Saved data entries
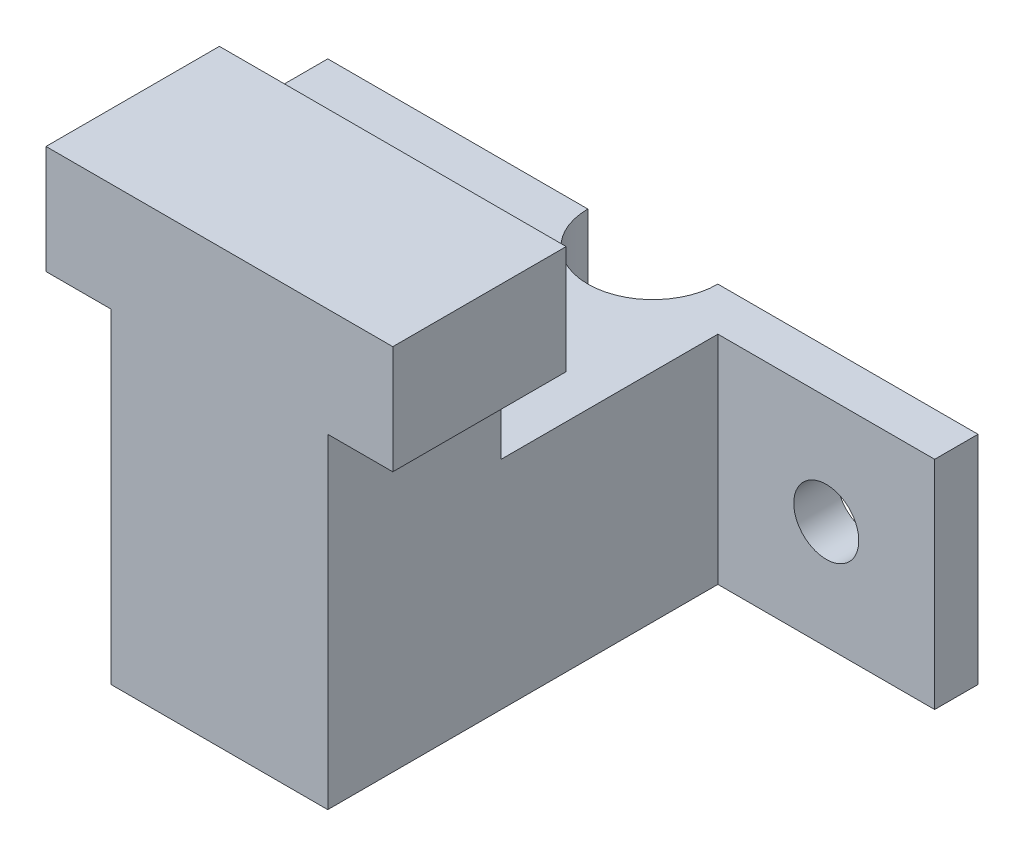
ISO-10303-21;
HEADER;
FILE_DESCRIPTION(('STEP AP214'),'2;1');
FILE_NAME('part.step','',(''),(''),'','','');
FILE_SCHEMA(('AUTOMOTIVE_DESIGN { 1 0 10303 214 1 1 1 1 }'));
ENDSEC;
DATA;
#1=APPLICATION_CONTEXT('core data for automotive mechanical design processes');
#2=APPLICATION_PROTOCOL_DEFINITION('international standard','automotive_design',2000,#1);
#3=PRODUCT_CONTEXT('',#1,'mechanical');
#4=PRODUCT('Part','Part','',(#3));
#5=PRODUCT_RELATED_PRODUCT_CATEGORY('part','',(#4));
#6=PRODUCT_DEFINITION_FORMATION('','',#4);
#7=PRODUCT_DEFINITION_CONTEXT('part definition',#1,'design');
#8=PRODUCT_DEFINITION('design','',#6,#7);
#9=PRODUCT_DEFINITION_SHAPE('','',#8);
#10=(LENGTH_UNIT() NAMED_UNIT(*) SI_UNIT(.MILLI.,.METRE.));
#11=(NAMED_UNIT(*) PLANE_ANGLE_UNIT() SI_UNIT($,.RADIAN.));
#12=(NAMED_UNIT(*) SI_UNIT($,.STERADIAN.) SOLID_ANGLE_UNIT());
#13=UNCERTAINTY_MEASURE_WITH_UNIT(LENGTH_MEASURE(1.E-05),#10,'distance_accuracy_value','');
#14=(GEOMETRIC_REPRESENTATION_CONTEXT(3) GLOBAL_UNCERTAINTY_ASSIGNED_CONTEXT((#13)) GLOBAL_UNIT_ASSIGNED_CONTEXT((#10,
#11,#12)) REPRESENTATION_CONTEXT('',''));
#15=CARTESIAN_POINT('',(0.,0.,0.));
#16=DIRECTION('',(0.,0.,1.));
#17=DIRECTION('',(1.,0.,0.));
#18=AXIS2_PLACEMENT_3D('',#15,#16,#17);
#19=CARTESIAN_POINT('',(-5.,-10.,0.));
#20=DIRECTION('',(1.,0.,0.));
#21=DIRECTION('',(0.,0.,-1.));
#22=AXIS2_PLACEMENT_3D('',#19,#20,#21);
#23=PLANE('',#22);
#24=DIRECTION('',(0.,1.,0.));
#25=VECTOR('',#24,1.);
#26=CARTESIAN_POINT('',(-5.,-10.,-10.));
#27=LINE('',#26,#25);
#28=CARTESIAN_POINT('',(-5.,-10.,-10.));
#29=VERTEX_POINT('',#28);
#30=CARTESIAN_POINT('',(-5.,0.,-10.));
#31=VERTEX_POINT('',#30);
#32=EDGE_CURVE('E173',#29,#31,#27,.T.);
#33=ORIENTED_EDGE('',*,*,#32,.F.);
#34=DIRECTION('',(0.,0.,1.));
#35=VECTOR('',#34,1.);
#36=CARTESIAN_POINT('',(-5.,-10.,0.));
#37=LINE('',#36,#35);
#38=CARTESIAN_POINT('',(-5.,-10.,8.));
#39=VERTEX_POINT('',#38);
#40=EDGE_CURVE('E225',#29,#39,#37,.T.);
#41=ORIENTED_EDGE('',*,*,#40,.T.);
#42=DIRECTION('',(0.,1.,0.));
#43=VECTOR('',#42,1.);
#44=CARTESIAN_POINT('',(-5.,-10.,8.));
#45=LINE('',#44,#43);
#46=CARTESIAN_POINT('',(-5.,5.,8.));
#47=VERTEX_POINT('',#46);
#48=EDGE_CURVE('E226',#39,#47,#45,.T.);
#49=ORIENTED_EDGE('',*,*,#48,.T.);
#50=DIRECTION('',(0.,0.,1.));
#51=VECTOR('',#50,1.);
#52=CARTESIAN_POINT('',(-5.,5.,0.));
#53=LINE('',#52,#51);
#54=CARTESIAN_POINT('',(-5.,5.,0.));
#55=VERTEX_POINT('',#54);
#56=EDGE_CURVE('E234',#55,#47,#53,.T.);
#57=ORIENTED_EDGE('',*,*,#56,.F.);
#58=DIRECTION('',(0.,1.,0.));
#59=VECTOR('',#58,1.);
#60=CARTESIAN_POINT('',(-5.,-10.,0.));
#61=LINE('',#60,#59);
#62=CARTESIAN_POINT('',(-5.,0.,0.));
#63=VERTEX_POINT('',#62);
#64=EDGE_CURVE('E219',#63,#55,#61,.T.);
#65=ORIENTED_EDGE('',*,*,#64,.F.);
#66=DIRECTION('',(0.,0.,1.));
#67=VECTOR('',#66,1.);
#68=CARTESIAN_POINT('',(-5.,0.,-12.));
#69=LINE('',#68,#67);
#70=EDGE_CURVE('E216',#31,#63,#69,.T.);
#71=ORIENTED_EDGE('',*,*,#70,.F.);
#72=EDGE_LOOP('',(#33,#41,#49,#57,#65,#71));
#73=FACE_BOUND('',#72,.T.);
#74=ADVANCED_FACE('F35',(#73),#23,.F.);
#75=CARTESIAN_POINT('',(5.,-10.,0.));
#76=DIRECTION('',(-1.,0.,0.));
#77=DIRECTION('',(0.,0.,1.));
#78=AXIS2_PLACEMENT_3D('',#75,#76,#77);
#79=PLANE('',#78);
#80=DIRECTION('',(0.,-1.,0.));
#81=VECTOR('',#80,1.);
#82=CARTESIAN_POINT('',(5.,-10.,-10.));
#83=LINE('',#82,#81);
#84=CARTESIAN_POINT('',(5.,0.,-10.));
#85=VERTEX_POINT('',#84);
#86=CARTESIAN_POINT('',(5.,-10.,-10.));
#87=VERTEX_POINT('',#86);
#88=EDGE_CURVE('E186',#85,#87,#83,.T.);
#89=ORIENTED_EDGE('',*,*,#88,.F.);
#90=DIRECTION('',(0.,0.,1.));
#91=VECTOR('',#90,1.);
#92=CARTESIAN_POINT('',(5.,0.,-12.));
#93=LINE('',#92,#91);
#94=CARTESIAN_POINT('',(5.,0.,0.));
#95=VERTEX_POINT('',#94);
#96=EDGE_CURVE('E212',#85,#95,#93,.T.);
#97=ORIENTED_EDGE('',*,*,#96,.T.);
#98=DIRECTION('',(0.,-1.,0.));
#99=VECTOR('',#98,1.);
#100=CARTESIAN_POINT('',(5.,-10.,0.));
#101=LINE('',#100,#99);
#102=CARTESIAN_POINT('',(5.,5.,0.));
#103=VERTEX_POINT('',#102);
#104=EDGE_CURVE('E240',#103,#95,#101,.T.);
#105=ORIENTED_EDGE('',*,*,#104,.F.);
#106=DIRECTION('',(0.,0.,1.));
#107=VECTOR('',#106,1.);
#108=CARTESIAN_POINT('',(5.,5.,0.));
#109=LINE('',#108,#107);
#110=CARTESIAN_POINT('',(5.,5.,8.));
#111=VERTEX_POINT('',#110);
#112=EDGE_CURVE('E249',#103,#111,#109,.T.);
#113=ORIENTED_EDGE('',*,*,#112,.T.);
#114=DIRECTION('',(0.,-1.,0.));
#115=VECTOR('',#114,1.);
#116=CARTESIAN_POINT('',(5.,-10.,8.));
#117=LINE('',#116,#115);
#118=CARTESIAN_POINT('',(5.,-10.,8.));
#119=VERTEX_POINT('',#118);
#120=EDGE_CURVE('E241',#111,#119,#117,.T.);
#121=ORIENTED_EDGE('',*,*,#120,.T.);
#122=DIRECTION('',(0.,0.,1.));
#123=VECTOR('',#122,1.);
#124=CARTESIAN_POINT('',(5.,-10.,0.));
#125=LINE('',#124,#123);
#126=EDGE_CURVE('E52',#87,#119,#125,.T.);
#127=ORIENTED_EDGE('',*,*,#126,.F.);
#128=EDGE_LOOP('',(#89,#97,#105,#113,#121,#127));
#129=FACE_BOUND('',#128,.T.);
#130=ADVANCED_FACE('F304',(#129),#79,.F.);
#131=CARTESIAN_POINT('',(0.,0.,-12.));
#132=DIRECTION('',(0.,0.,-1.));
#133=DIRECTION('',(-1.,0.,0.));
#134=AXIS2_PLACEMENT_3D('',#131,#132,#133);
#135=PLANE('',#134);
#136=CARTESIAN_POINT('',(10.,-5.,-12.));
#137=DIRECTION('',(0.,0.,-1.));
#138=DIRECTION('',(-1.,0.,0.));
#139=AXIS2_PLACEMENT_3D('',#136,#137,#138);
#140=CIRCLE('',#139,1.5);
#141=CARTESIAN_POINT('',(8.5,-5.,-12.));
#142=VERTEX_POINT('',#141);
#143=EDGE_CURVE('E276',#142,#142,#140,.T.);
#144=ORIENTED_EDGE('',*,*,#143,.F.);
#145=EDGE_LOOP('',(#144));
#146=FACE_BOUND('',#145,.T.);
#147=DIRECTION('',(0.,-1.,0.));
#148=VECTOR('',#147,1.);
#149=CARTESIAN_POINT('',(3.,4.,-12.));
#150=LINE('',#149,#148);
#151=CARTESIAN_POINT('',(3.,0.,-12.));
#152=VERTEX_POINT('',#151);
#153=CARTESIAN_POINT('',(3.,-10.,-12.));
#154=VERTEX_POINT('',#153);
#155=EDGE_CURVE('E11',#152,#154,#150,.T.);
#156=ORIENTED_EDGE('',*,*,#155,.F.);
#157=DIRECTION('',(1.,0.,0.));
#158=VECTOR('',#157,1.);
#159=CARTESIAN_POINT('',(-5.,0.,-12.));
#160=LINE('',#159,#158);
#161=CARTESIAN_POINT('',(15.,0.,-12.));
#162=VERTEX_POINT('',#161);
#163=EDGE_CURVE('E209',#152,#162,#160,.T.);
#164=ORIENTED_EDGE('',*,*,#163,.T.);
#165=DIRECTION('',(0.,1.,0.));
#166=VECTOR('',#165,1.);
#167=CARTESIAN_POINT('',(15.,-10.,-12.));
#168=LINE('',#167,#166);
#169=CARTESIAN_POINT('',(15.,-10.,-12.));
#170=VERTEX_POINT('',#169);
#171=EDGE_CURVE('E187',#170,#162,#168,.T.);
#172=ORIENTED_EDGE('',*,*,#171,.F.);
#173=DIRECTION('',(-1.,0.,0.));
#174=VECTOR('',#173,1.);
#175=CARTESIAN_POINT('',(-5.,-10.,-12.));
#176=LINE('',#175,#174);
#177=EDGE_CURVE('E157',#170,#154,#176,.T.);
#178=ORIENTED_EDGE('',*,*,#177,.T.);
#179=EDGE_LOOP('',(#156,#164,#172,#178));
#180=FACE_BOUND('',#179,.T.);
#181=ADVANCED_FACE('F293',(#146,#180),#135,.T.);
#182=CARTESIAN_POINT('',(8.,-10.,8.));
#183=DIRECTION('',(-1.,0.,0.));
#184=DIRECTION('',(0.,0.,1.));
#185=AXIS2_PLACEMENT_3D('',#182,#183,#184);
#186=PLANE('',#185);
#187=DIRECTION('',(0.,1.,0.));
#188=VECTOR('',#187,1.);
#189=CARTESIAN_POINT('',(8.,-10.,8.));
#190=LINE('',#189,#188);
#191=CARTESIAN_POINT('',(8.,5.,8.));
#192=VERTEX_POINT('',#191);
#193=CARTESIAN_POINT('',(8.,10.,8.));
#194=VERTEX_POINT('',#193);
#195=EDGE_CURVE('E252',#192,#194,#190,.T.);
#196=ORIENTED_EDGE('',*,*,#195,.F.);
#197=DIRECTION('',(0.,0.,1.));
#198=VECTOR('',#197,1.);
#199=CARTESIAN_POINT('',(8.,5.,0.));
#200=LINE('',#199,#198);
#201=CARTESIAN_POINT('',(8.,5.,0.));
#202=VERTEX_POINT('',#201);
#203=EDGE_CURVE('E244',#202,#192,#200,.T.);
#204=ORIENTED_EDGE('',*,*,#203,.F.);
#205=DIRECTION('',(0.,1.,0.));
#206=VECTOR('',#205,1.);
#207=CARTESIAN_POINT('',(8.,-10.,0.));
#208=LINE('',#207,#206);
#209=CARTESIAN_POINT('',(8.,10.,0.));
#210=VERTEX_POINT('',#209);
#211=EDGE_CURVE('E233',#202,#210,#208,.T.);
#212=ORIENTED_EDGE('',*,*,#211,.T.);
#213=DIRECTION('',(0.,0.,-1.));
#214=VECTOR('',#213,1.);
#215=CARTESIAN_POINT('',(8.,10.,8.));
#216=LINE('',#215,#214);
#217=EDGE_CURVE('E271',#194,#210,#216,.T.);
#218=ORIENTED_EDGE('',*,*,#217,.F.);
#219=EDGE_LOOP('',(#196,#204,#212,#218));
#220=FACE_BOUND('',#219,.T.);
#221=ADVANCED_FACE('F37',(#220),#186,.F.);
#222=CARTESIAN_POINT('',(-8.,10.,8.));
#223=DIRECTION('',(0.,-1.,0.));
#224=DIRECTION('',(0.,0.,-1.));
#225=AXIS2_PLACEMENT_3D('',#222,#223,#224);
#226=PLANE('',#225);
#227=DIRECTION('',(-1.,0.,0.));
#228=VECTOR('',#227,1.);
#229=CARTESIAN_POINT('',(-8.,10.,0.));
#230=LINE('',#229,#228);
#231=CARTESIAN_POINT('',(-8.,10.,0.));
#232=VERTEX_POINT('',#231);
#233=EDGE_CURVE('E265',#210,#232,#230,.T.);
#234=ORIENTED_EDGE('',*,*,#233,.T.);
#235=DIRECTION('',(0.,0.,-1.));
#236=VECTOR('',#235,1.);
#237=CARTESIAN_POINT('',(-8.,10.,8.));
#238=LINE('',#237,#236);
#239=CARTESIAN_POINT('',(-8.,10.,8.));
#240=VERTEX_POINT('',#239);
#241=EDGE_CURVE('E263',#240,#232,#238,.T.);
#242=ORIENTED_EDGE('',*,*,#241,.F.);
#243=DIRECTION('',(-1.,0.,0.));
#244=VECTOR('',#243,1.);
#245=CARTESIAN_POINT('',(-8.,10.,8.));
#246=LINE('',#245,#244);
#247=EDGE_CURVE('E254',#194,#240,#246,.T.);
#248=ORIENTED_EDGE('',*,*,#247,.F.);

- **EXERCISE DESCRIPTION**: Copy the lines above exactly, beginning at the line that has "#121=ORIENTED_EDGE('',*,*,#120,.T.);" and stopping after the line that has "#142=VERTEX_POINT('',#141);", and omit the rest.

- **WRITTEN ANSWER**:
#121=ORIENTED_EDGE('',*,*,#120,.T.);
#122=DIRECTION('',(0.,0.,1.));
#123=VECTOR('',#122,1.);
#124=CARTESIAN_POINT('',(5.,-10.,0.));
#125=LINE('',#124,#123);
#126=EDGE_CURVE('E52',#87,#119,#125,.T.);
#127=ORIENTED_EDGE('',*,*,#126,.F.);
#128=EDGE_LOOP('',(#89,#97,#105,#113,#121,#127));
#129=FACE_BOUND('',#128,.T.);
#130=ADVANCED_FACE('F304',(#129),#79,.F.);
#131=CARTESIAN_POINT('',(0.,0.,-12.));
#132=DIRECTION('',(0.,0.,-1.));
#133=DIRECTION('',(-1.,0.,0.));
#134=AXIS2_PLACEMENT_3D('',#131,#132,#133);
#135=PLANE('',#134);
#136=CARTESIAN_POINT('',(10.,-5.,-12.));
#137=DIRECTION('',(0.,0.,-1.));
#138=DIRECTION('',(-1.,0.,0.));
#139=AXIS2_PLACEMENT_3D('',#136,#137,#138);
#140=CIRCLE('',#139,1.5);
#141=CARTESIAN_POINT('',(8.5,-5.,-12.));
#142=VERTEX_POINT('',#141);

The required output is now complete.